Work instruction: Leaving out every picture, copy the lines of the material below exactly, from the line containing "lambda_m = 0.01546" through the line containing "wm : Inport".

Records shown:

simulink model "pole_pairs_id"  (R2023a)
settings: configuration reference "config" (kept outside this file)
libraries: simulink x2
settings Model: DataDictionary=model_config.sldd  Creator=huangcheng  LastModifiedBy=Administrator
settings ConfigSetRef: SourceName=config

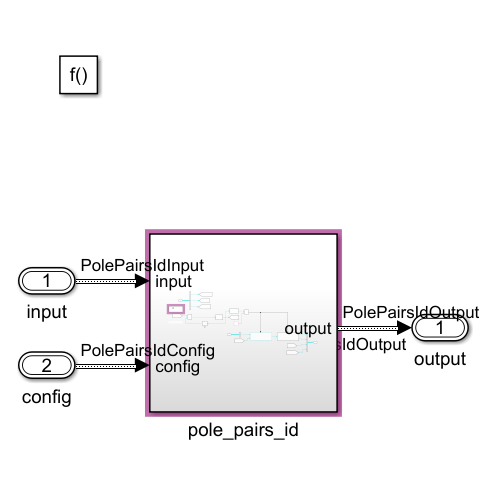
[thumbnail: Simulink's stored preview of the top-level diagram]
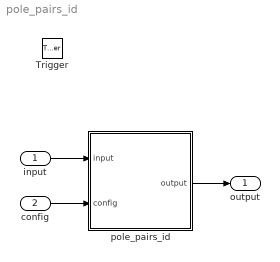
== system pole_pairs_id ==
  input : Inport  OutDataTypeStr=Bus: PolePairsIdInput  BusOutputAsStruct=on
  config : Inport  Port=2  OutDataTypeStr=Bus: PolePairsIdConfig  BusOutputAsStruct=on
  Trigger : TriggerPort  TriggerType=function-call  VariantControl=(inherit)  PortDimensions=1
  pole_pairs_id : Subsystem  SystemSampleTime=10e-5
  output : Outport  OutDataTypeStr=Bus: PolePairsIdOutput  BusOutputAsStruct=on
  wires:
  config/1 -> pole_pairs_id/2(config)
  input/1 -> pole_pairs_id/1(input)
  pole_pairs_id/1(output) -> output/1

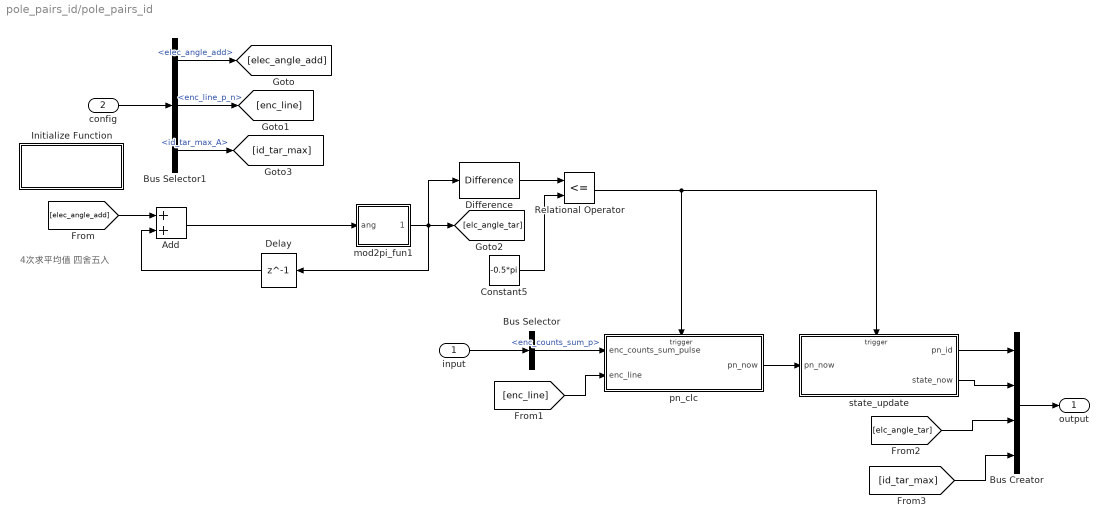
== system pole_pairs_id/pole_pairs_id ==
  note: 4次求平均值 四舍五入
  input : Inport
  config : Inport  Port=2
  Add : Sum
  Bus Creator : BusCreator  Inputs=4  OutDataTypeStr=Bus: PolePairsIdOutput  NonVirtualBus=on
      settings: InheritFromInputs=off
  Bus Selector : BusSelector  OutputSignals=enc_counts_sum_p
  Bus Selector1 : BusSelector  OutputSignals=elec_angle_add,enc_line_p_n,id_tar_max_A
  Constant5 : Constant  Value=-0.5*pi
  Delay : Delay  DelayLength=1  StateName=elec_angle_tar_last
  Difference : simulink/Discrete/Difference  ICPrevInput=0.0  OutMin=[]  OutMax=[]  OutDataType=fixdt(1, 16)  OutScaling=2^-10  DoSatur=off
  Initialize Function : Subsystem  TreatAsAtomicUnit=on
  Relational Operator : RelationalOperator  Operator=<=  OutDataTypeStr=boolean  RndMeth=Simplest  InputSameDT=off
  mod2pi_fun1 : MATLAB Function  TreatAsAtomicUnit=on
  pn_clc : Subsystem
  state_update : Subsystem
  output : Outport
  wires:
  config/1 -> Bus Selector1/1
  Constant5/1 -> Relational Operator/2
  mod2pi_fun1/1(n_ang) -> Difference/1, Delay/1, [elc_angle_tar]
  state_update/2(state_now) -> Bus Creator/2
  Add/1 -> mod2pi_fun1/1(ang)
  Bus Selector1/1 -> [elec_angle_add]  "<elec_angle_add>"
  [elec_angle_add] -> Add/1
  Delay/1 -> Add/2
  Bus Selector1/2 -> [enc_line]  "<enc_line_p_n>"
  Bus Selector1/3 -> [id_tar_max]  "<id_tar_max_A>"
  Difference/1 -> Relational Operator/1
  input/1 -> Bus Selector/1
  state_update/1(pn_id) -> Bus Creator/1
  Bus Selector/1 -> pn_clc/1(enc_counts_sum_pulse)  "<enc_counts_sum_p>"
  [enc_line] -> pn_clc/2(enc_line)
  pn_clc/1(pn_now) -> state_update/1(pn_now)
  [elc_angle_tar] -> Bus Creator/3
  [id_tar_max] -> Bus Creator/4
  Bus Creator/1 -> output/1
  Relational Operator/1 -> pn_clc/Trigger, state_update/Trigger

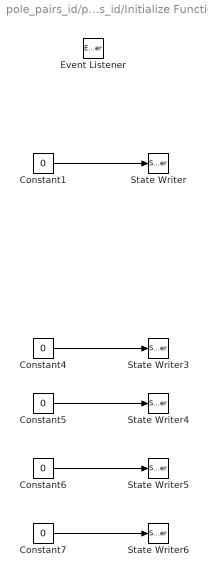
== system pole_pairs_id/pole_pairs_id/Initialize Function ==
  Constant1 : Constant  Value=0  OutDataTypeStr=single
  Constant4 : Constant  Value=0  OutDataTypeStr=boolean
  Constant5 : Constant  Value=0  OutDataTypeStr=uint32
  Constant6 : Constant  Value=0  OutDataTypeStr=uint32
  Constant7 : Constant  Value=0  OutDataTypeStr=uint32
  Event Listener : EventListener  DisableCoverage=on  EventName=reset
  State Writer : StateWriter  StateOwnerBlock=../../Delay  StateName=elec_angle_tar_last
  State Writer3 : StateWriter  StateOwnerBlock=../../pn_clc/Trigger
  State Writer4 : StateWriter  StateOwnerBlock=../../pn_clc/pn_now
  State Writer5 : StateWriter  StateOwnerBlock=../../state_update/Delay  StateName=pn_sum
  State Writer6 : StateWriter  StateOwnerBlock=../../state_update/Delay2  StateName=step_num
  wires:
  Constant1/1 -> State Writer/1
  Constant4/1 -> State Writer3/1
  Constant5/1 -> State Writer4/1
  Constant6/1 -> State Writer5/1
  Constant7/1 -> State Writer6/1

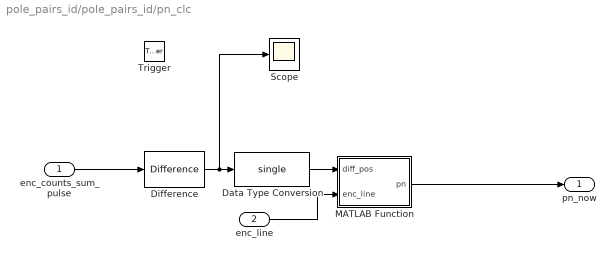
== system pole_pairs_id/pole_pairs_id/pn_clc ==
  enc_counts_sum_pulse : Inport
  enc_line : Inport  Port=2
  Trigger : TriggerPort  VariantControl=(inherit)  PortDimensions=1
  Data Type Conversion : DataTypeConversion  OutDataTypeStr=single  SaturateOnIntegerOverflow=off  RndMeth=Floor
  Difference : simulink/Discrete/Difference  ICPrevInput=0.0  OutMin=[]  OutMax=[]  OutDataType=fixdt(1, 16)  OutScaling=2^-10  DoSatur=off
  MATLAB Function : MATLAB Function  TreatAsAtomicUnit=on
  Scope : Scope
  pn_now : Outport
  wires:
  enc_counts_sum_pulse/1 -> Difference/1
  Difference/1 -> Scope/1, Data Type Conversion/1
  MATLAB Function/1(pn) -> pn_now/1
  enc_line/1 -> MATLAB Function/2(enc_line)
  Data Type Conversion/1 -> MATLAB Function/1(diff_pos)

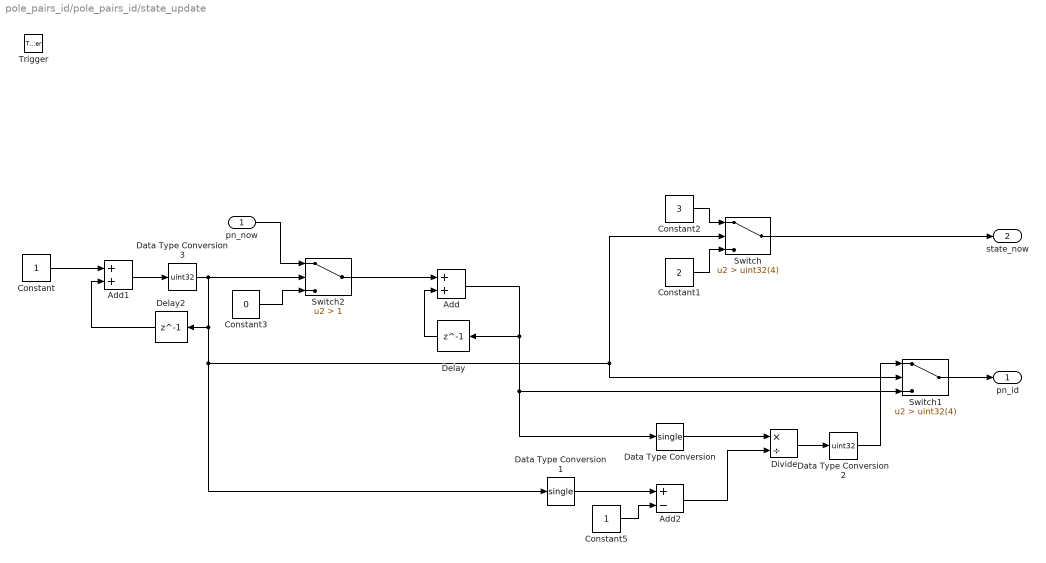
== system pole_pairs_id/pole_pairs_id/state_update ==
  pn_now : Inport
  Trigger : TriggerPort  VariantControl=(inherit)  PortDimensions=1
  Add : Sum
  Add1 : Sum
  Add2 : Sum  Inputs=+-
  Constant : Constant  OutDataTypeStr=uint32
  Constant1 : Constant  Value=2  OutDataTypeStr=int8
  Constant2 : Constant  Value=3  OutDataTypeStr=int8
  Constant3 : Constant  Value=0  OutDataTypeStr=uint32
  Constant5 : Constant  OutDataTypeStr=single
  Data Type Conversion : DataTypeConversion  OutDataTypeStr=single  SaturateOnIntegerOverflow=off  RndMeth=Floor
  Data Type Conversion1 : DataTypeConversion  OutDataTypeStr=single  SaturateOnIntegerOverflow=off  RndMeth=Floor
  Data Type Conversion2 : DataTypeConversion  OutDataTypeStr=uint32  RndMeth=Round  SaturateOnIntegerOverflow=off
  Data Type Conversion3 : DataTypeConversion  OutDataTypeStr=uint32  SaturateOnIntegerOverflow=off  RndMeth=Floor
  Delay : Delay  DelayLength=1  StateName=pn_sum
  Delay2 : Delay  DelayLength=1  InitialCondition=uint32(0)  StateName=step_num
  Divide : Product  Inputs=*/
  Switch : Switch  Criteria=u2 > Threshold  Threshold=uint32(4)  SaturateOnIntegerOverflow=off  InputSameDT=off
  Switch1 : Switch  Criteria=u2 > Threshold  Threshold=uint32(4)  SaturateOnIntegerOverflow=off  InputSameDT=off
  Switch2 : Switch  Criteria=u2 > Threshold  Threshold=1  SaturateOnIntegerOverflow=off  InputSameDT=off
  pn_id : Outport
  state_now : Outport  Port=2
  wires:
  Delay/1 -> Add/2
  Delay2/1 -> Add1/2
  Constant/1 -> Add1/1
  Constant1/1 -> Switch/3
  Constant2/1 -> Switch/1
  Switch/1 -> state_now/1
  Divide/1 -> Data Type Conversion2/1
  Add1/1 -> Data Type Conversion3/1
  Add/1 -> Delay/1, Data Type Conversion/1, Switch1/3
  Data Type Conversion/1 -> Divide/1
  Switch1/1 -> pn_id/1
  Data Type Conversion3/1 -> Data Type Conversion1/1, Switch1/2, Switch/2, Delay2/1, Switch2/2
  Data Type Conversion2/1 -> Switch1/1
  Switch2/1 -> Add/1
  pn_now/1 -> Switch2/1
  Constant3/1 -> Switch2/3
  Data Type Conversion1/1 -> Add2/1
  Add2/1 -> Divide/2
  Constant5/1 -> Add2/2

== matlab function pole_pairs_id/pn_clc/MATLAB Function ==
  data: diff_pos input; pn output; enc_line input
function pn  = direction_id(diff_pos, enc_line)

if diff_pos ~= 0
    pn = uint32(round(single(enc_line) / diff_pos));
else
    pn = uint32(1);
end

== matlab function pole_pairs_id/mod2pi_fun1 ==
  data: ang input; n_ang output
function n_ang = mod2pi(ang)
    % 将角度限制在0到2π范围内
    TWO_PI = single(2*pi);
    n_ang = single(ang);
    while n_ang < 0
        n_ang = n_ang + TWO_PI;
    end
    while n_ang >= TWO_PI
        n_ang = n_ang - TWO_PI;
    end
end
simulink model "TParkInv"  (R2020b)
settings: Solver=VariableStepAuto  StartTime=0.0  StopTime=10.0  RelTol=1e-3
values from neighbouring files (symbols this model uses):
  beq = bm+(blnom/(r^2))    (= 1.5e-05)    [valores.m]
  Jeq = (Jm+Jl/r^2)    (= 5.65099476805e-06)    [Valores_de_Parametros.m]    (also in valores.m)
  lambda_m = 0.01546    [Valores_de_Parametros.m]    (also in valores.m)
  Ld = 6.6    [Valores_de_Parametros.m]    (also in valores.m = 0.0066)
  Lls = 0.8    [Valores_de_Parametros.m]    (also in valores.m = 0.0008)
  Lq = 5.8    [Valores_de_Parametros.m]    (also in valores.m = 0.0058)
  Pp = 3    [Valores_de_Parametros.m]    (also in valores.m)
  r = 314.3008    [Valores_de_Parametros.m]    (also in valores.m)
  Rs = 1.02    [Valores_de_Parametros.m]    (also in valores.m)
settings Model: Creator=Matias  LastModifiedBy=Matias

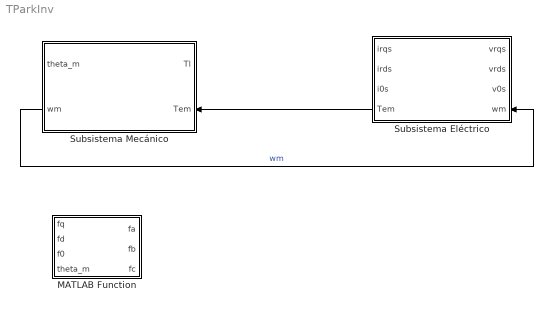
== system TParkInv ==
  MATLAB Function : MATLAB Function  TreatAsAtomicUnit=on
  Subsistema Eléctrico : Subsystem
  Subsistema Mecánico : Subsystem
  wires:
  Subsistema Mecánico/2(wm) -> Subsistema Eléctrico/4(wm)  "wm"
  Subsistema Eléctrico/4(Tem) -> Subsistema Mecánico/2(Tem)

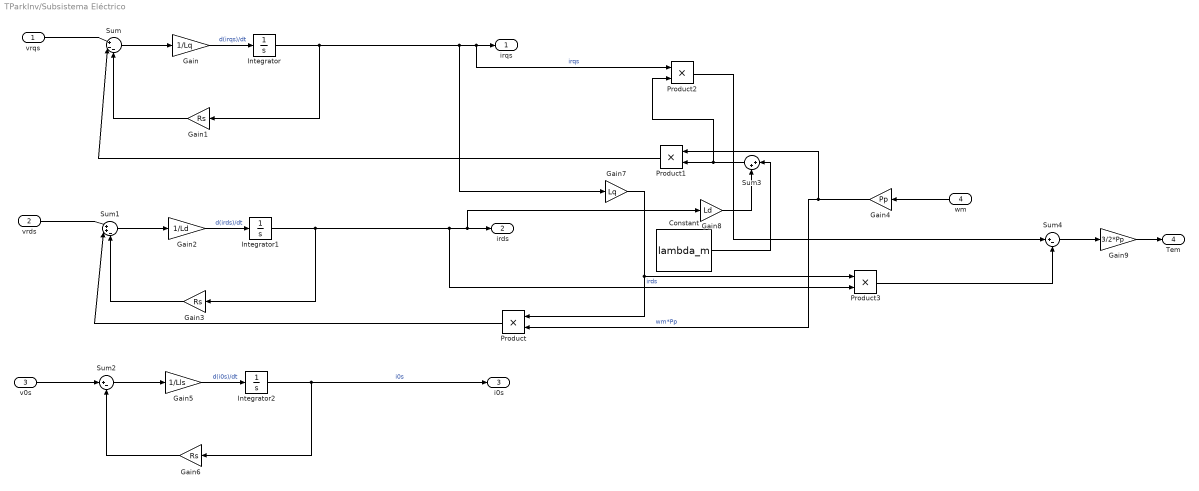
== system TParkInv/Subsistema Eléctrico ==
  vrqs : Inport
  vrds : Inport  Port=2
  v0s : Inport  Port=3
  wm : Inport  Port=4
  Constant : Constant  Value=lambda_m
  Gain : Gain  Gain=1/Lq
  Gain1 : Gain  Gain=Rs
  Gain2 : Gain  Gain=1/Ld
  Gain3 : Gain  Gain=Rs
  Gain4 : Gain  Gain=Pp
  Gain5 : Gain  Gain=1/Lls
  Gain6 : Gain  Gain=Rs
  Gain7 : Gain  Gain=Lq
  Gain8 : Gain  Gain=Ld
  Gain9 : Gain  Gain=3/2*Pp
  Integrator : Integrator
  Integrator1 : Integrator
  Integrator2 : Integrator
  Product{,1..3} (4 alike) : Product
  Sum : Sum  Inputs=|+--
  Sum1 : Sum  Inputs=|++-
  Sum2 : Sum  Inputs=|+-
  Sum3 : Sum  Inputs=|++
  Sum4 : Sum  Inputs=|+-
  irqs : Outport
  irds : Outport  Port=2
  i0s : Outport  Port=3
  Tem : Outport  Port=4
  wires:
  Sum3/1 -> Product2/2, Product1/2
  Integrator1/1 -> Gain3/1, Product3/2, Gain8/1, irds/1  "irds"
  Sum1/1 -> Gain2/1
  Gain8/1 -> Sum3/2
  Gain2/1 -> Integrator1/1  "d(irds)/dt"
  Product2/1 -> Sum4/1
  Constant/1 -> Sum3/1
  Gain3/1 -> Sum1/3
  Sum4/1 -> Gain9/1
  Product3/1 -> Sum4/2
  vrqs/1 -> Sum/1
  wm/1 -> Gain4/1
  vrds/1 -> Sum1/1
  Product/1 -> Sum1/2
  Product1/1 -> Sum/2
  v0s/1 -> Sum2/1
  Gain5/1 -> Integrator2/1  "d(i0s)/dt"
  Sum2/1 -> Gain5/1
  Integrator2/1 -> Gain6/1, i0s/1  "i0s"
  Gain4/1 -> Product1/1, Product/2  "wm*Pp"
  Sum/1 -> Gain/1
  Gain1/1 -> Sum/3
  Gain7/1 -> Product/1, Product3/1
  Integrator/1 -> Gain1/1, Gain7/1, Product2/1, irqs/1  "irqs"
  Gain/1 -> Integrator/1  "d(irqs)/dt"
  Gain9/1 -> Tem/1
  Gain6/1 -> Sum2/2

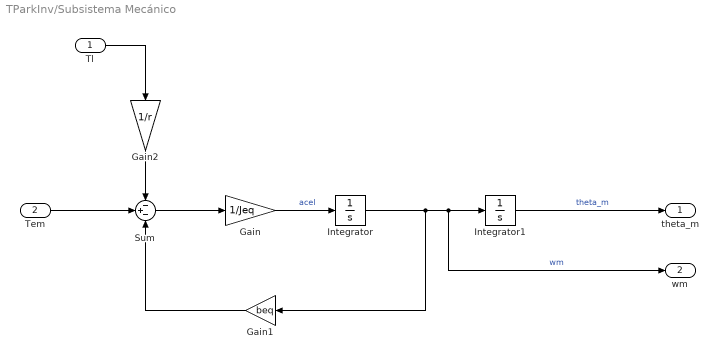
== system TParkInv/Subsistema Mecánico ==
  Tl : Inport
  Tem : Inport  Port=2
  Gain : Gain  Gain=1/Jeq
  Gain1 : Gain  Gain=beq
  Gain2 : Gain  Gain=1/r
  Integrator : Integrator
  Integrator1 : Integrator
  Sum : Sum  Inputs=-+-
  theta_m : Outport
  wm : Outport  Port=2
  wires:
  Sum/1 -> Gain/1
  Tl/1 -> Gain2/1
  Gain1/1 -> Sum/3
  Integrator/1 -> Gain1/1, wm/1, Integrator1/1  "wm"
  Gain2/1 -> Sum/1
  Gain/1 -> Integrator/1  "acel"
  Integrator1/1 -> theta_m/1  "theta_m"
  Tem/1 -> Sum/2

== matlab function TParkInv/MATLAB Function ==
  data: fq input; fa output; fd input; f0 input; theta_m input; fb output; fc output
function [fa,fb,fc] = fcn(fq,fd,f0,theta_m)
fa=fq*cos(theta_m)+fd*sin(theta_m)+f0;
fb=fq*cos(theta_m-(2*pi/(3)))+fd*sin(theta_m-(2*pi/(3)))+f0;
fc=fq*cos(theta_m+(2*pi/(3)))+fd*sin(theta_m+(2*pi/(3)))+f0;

Result for this task:
  lambda_m = 0.01546    [Valores_de_Parametros.m]    (also in valores.m)
  Ld = 6.6    [Valores_de_Parametros.m]    (also in valores.m = 0.0066)
  Lls = 0.8    [Valores_de_Parametros.m]    (also in valores.m = 0.0008)
  Lq = 5.8    [Valores_de_Parametros.m]    (also in valores.m = 0.0058)
  Pp = 3    [Valores_de_Parametros.m]    (also in valores.m)
  r = 314.3008    [Valores_de_Parametros.m]    (also in valores.m)
  Rs = 1.02    [Valores_de_Parametros.m]    (also in valores.m)
settings Model: Creator=Matias  LastModifiedBy=Matias

== system TParkInv ==
  MATLAB Function : MATLAB Function  TreatAsAtomicUnit=on
  Subsistema Eléctrico : Subsystem
  Subsistema Mecánico : Subsystem
  wires:
  Subsistema Mecánico/2(wm) -> Subsistema Eléctrico/4(wm)  "wm"
  Subsistema Eléctrico/4(Tem) -> Subsistema Mecánico/2(Tem)

== system TParkInv/Subsistema Eléctrico ==
  vrqs : Inport
  vrds : Inport  Port=2
  v0s : Inport  Port=3
  wm : Inport  Port=4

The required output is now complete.